**WHAT YOU SHOULD DO**
Using the records below, repeat exactly the lines from the one holding "# ---- meshes" through the one holding "me_sphere_001 = bpy.data.meshes.new('Sphere.001')", both ends included, and no others.

**INPUT MATERIAL**
▬▬▬▬▬▬▬▬▬▬

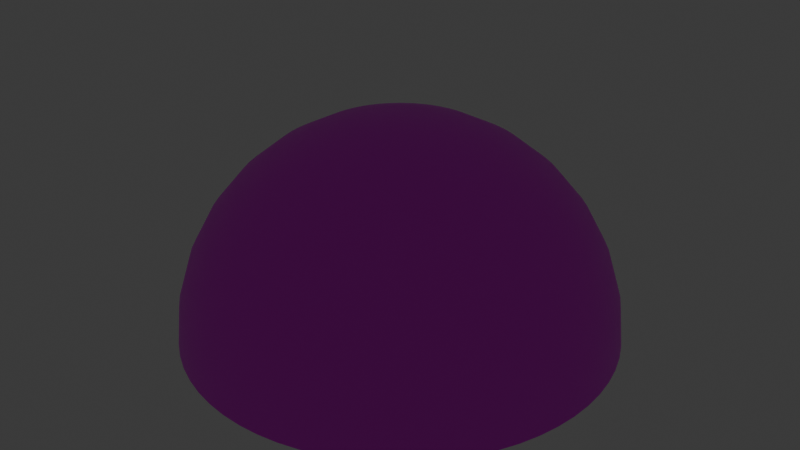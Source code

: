 # Source: SkyBox.blend  (saved by Blender 4.0.36; exported with 4.5.12 LTS)
import bpy
from mathutils import Matrix  # noqa: F401  (used for matrix-valued properties, if any)

bpy.ops.wm.read_factory_settings(use_empty=True)
scene = bpy.context.scene
scene.name = 'Scene'

# ---- collections
col_collection = bpy.data.collections.new('Collection'); scene.collection.children.link(col_collection)

# ---- images (referenced by path relative to the original .blend; pixels are not part of the script)
import os
ASSET_DIR = os.environ.get("B2B_ASSET_DIR", "")  # directory of the original .blend (textures are referenced by path, not embedded)
HERE = os.path.dirname(os.path.abspath(__file__))  # packed textures are extracted next to this script under _unpacked/

def load_image(name, relpath, width, height, colorspace="sRGB"):
    """Load a texture the original file referenced (path relative to the .blend, or extracted next to this script)."""
    p = next((c for c in (os.path.join(HERE, relpath), os.path.join(ASSET_DIR, relpath)) if relpath and os.path.exists(c)), "")
    if p:
        img = bpy.data.images.load(p, check_existing=True)
        img.name = name
    else:  # same state as the original file: an image datablock whose file is absent (Cycles renders it pink)
        img = bpy.data.images.new(name, width, height)
        img.source = "FILE"
        img.filepath = "//" + (relpath or name)
    img.colorspace_settings.name = colorspace
    return img
img_sky_wallpaper_22_jpg = load_image('sky-wallpaper-22.jpg', 'sky-wallpaper-22.jpg', 1024, 1024, 'sRGB')

# ---- materials (node trees are filled in below, after node groups)
mat_material_004 = bpy.data.materials.new('Material.004')
mat_material_004.use_transparent_shadow = False

# ---- material node trees
mat_material_004.use_nodes = True; mat_material_004.node_tree.nodes.clear()
_N = mat_material_004.node_tree.nodes; _L = mat_material_004.node_tree.links
n0 = _N.new('ShaderNodeBsdfPrincipled'); n0.name = 'Principled BSDF'; n0.location = (10, 300)
n0.inputs[3].default_value = 1.45
n1 = _N.new('ShaderNodeOutputMaterial'); n1.name = 'Material Output'; n1.location = (300, 300)
n2 = _N.new('ShaderNodeTexImage'); n2.name = 'Image Texture'; n2.location = (-280, 275)
n2.image = img_sky_wallpaper_22_jpg
n2.interpolation = 'Cubic'
n2.extension = 'MIRROR'
_L.new(n0.outputs[0], n1.inputs[0])
_L.new(n2.outputs[0], n0.inputs[0])
n1.is_active_output = True

# ---- world
world_world = bpy.data.worlds.new('World'); scene.world = world_world
world_world.use_nodes = True; world_world.node_tree.nodes.clear()
_N = world_world.node_tree.nodes; _L = world_world.node_tree.links
n0 = _N.new('ShaderNodeOutputWorld'); n0.name = 'World Output'; n0.location = (300, 300)
n1 = _N.new('ShaderNodeBackground'); n1.name = 'Background'; n1.location = (10, 300)
n1.inputs[0].default_value = (0.05088, 0.05088, 0.05088, 1.0)
_L.new(n1.outputs[0], n0.inputs[0])
n0.is_active_output = True
world_world.color = (0.05088, 0.05088, 0.05088)
world_world.use_sun_shadow = False
world_world.sun_shadow_jitter_overblur = 0.0

# ---- lights
light_spot = bpy.data.lights.new('Spot', 'SUN')
light_spot.transmission_factor = 0.0

# ---- meshes
me_sphere_001 = bpy.data.meshes.new('Sphere.001')
me_sphere_001.from_pydata([(0.0, 78.04, 392.3), (0.0, 153.1, 369.6), (0.0, 282.8, 282.8), (0.0, 332.6, 222.2), (7.649, 77.66, 392.3), (15.0, 152.3, 369.6), (21.78, 221.2, 332.6), (27.72, 281.5, 282.8), (32.6, 331.0, 222.2), (36.22, 367.8, 153.1), (38.45, 390.4, 78.04), (39.21, 398.1, 0.0), (15.22, 76.54, 392.3), (29.86, 150.1, 369.6), (43.35, 218.0, 332.6), (55.18, 277.4, 282.8), (64.88, 326.2, 222.2), (72.1, 362.5, 153.1), (76.54, 384.8, 78.04), (78.04, 392.3, 0.0), (22.65, 74.68, 392.3), (44.43, 146.5, 369.6), (64.51, 212.7, 332.6), (82.1, 270.7, 282.8), (96.55, 318.3, 222.2), (107.3, 353.6, 153.1), (113.9, 375.4, 78.04), (116.1, 382.8, 0.0), (29.86, 72.1, 392.3), (58.58, 141.4, 369.6), (85.04, 205.3, 332.6), (108.2, 261.3, 282.8), (127.3, 307.3, 222.2), (141.4, 341.4, 153.1), (150.1, 362.5, 78.04), (153.1, 369.6, 0.0), (36.79, 68.82, 392.3), (72.16, 135.0, 369.6), (104.8, 196.0, 332.6), (133.3, 249.4, 282.8), (156.8, 293.3, 222.2), (174.2, 325.9, 153.1), (184.9, 346.0, 78.04), (188.6, 352.8, 0.0), (43.35, 64.88, 392.3), (85.04, 127.3, 369.6), (123.5, 184.8, 332.6), (157.1, 235.2, 282.8), (184.8, 276.5, 222.2), (205.3, 307.3, 153.1), (218.0, 326.2, 78.04), (222.2, 332.6, 0.0), (49.51, 60.32, 392.3), (97.11, 118.3, 369.6), (141.0, 171.8, 332.6), (179.4, 218.6, 282.8), (211.0, 257.1, 222.2), (234.4, 285.7, 153.1), (248.9, 303.3, 78.04), (253.8, 309.2, 0.0), (55.18, 55.18, 392.3), (108.2, 108.2, 369.6), (157.1, 157.1, 332.6), (200.0, 200.0, 282.8), (235.2, 235.2, 222.2), (261.3, 261.3, 153.1), (277.4, 277.4, 78.04), (282.8, 282.8, 0.0), (60.32, 49.51, 392.3), (118.3, 97.11, 369.6), (171.8, 141.0, 332.6), (218.6, 179.4, 282.8), (257.1, 211.0, 222.2), (285.7, 234.4, 153.1), (303.3, 248.9, 78.04), (309.2, 253.8, 0.0), (64.88, 43.35, 392.3), (127.3, 85.04, 369.6), (184.8, 123.5, 332.6), (235.2, 157.1, 282.8), (276.5, 184.8, 222.2), (307.3, 205.3, 153.1), (326.2, 218.0, 78.04), (332.6, 222.2, 0.0), (68.82, 36.79, 392.3), (135.0, 72.16, 369.6), (196.0, 104.8, 332.6), (249.4, 133.3, 282.8), (293.3, 156.8, 222.2), (325.9, 174.2, 153.1), (346.0, 184.9, 78.04), (352.8, 188.6, 0.0), (72.1, 29.86, 392.3), (141.4, 58.58, 369.6), (205.3, 85.04, 332.6), (261.3, 108.2, 282.8), (307.3, 127.3, 222.2), (341.4, 141.4, 153.1), (362.5, 150.1, 78.04), (369.6, 153.1, 0.0), (74.68, 22.65, 392.3), (146.5, 44.43, 369.6), (212.7, 64.51, 332.6), (270.7, 82.1, 282.8), (318.3, 96.55, 222.2), (353.6, 107.3, 153.1), (375.4, 113.9, 78.04), (382.8, 116.1, 0.0), (76.54, 15.22, 392.3), (150.1, 29.86, 369.6), (218.0, 43.35, 332.6), (277.4, 55.18, 282.8), (326.2, 64.88, 222.2), (362.5, 72.1, 153.1), (384.8, 76.54, 78.04), (392.3, 78.04, 0.0), (77.66, 7.649, 392.3), (152.3, 15.0, 369.6), (221.2, 21.78, 332.6), (281.5, 27.72, 282.8), (331.0, 32.6, 222.2), (367.8, 36.22, 153.1), (390.4, 38.45, 78.04), (398.1, 39.21, 0.0), (78.04, -6.676e-06, 392.3), (153.1, -6.676e-06, 369.6), (222.2, -3.815e-06, 332.6), (282.8, -9.537e-06, 282.8), (332.6, -3.815e-06, 222.2), (369.6, -2.67e-05, 153.1), (392.3, -4.196e-05, 78.04), (400.0, 7.629e-06, 0.0), (77.66, -7.649, 392.3), (152.3, -15.0, 369.6), (221.2, -21.78, 332.6), (281.5, -27.72, 282.8), (331.0, -32.6, 222.2), (367.8, -36.22, 153.1), (390.4, -38.45, 78.04), (398.1, -39.21, 0.0), (76.54, -15.22, 392.3), (150.1, -29.86, 369.6), (218.0, -43.35, 332.6), (277.4, -55.18, 282.8), (326.2, -64.88, 222.2), (362.5, -72.1, 153.1), (384.8, -76.54, 78.04), (392.3, -78.04, 0.0), (74.68, -22.65, 392.3), (146.5, -44.43, 369.6), (212.7, -64.51, 332.6), (270.7, -82.1, 282.8), (318.3, -96.55, 222.2), (353.6, -107.3, 153.1), (375.4, -113.9, 78.04), (382.8, -116.1, 0.0), (72.1, -29.86, 392.3), (141.4, -58.58, 369.6), (205.3, -85.04, 332.6), (261.3, -108.2, 282.8), (307.3, -127.3, 222.2), (341.4, -141.4, 153.1), (362.5, -150.1, 78.04), (369.6, -153.1, 0.0), (68.82, -36.79, 392.3), (135.0, -72.16, 369.6), (196.0, -104.8, 332.6), (249.4, -133.3, 282.8), (293.3, -156.8, 222.2), (325.9, -174.2, 153.1), (346.0, -184.9, 78.04), (352.8, -188.6, 0.0), (64.88, -43.35, 392.3), (127.3, -85.04, 369.6), (184.8, -123.5, 332.6), (235.2, -157.1, 282.8), (276.5, -184.8, 222.2), (307.3, -205.3, 153.1), (326.2, -218.0, 78.04), (332.6, -222.2, 0.0), (60.32, -49.51, 392.3), (118.3, -97.11, 369.6), (171.8, -141.0, 332.6), (218.6, -179.4, 282.8), (257.1, -211.0, 222.2), (285.7, -234.4, 153.1), (303.3, -248.9, 78.04), (309.2, -253.8, 0.0), (55.18, -55.18, 392.3), (108.2, -108.2, 369.6), (157.1, -157.1, 332.6), (200.0, -200.0, 282.8), (235.2, -235.2, 222.2), (261.3, -261.3, 153.1), (277.4, -277.4, 78.04), (282.8, -282.8, 0.0), (49.51, -60.32, 392.3), (97.11, -118.3, 369.6), (141.0, -171.8, 332.6), (179.4, -218.6, 282.8), (211.0, -257.1, 222.2), (234.4, -285.7, 153.1), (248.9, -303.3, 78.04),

▬▬▬▬▬▬▬▬▬▬

**SOLUTION TO THE EXERCISE**
# ---- meshes
me_sphere_001 = bpy.data.meshes.new('Sphere.001')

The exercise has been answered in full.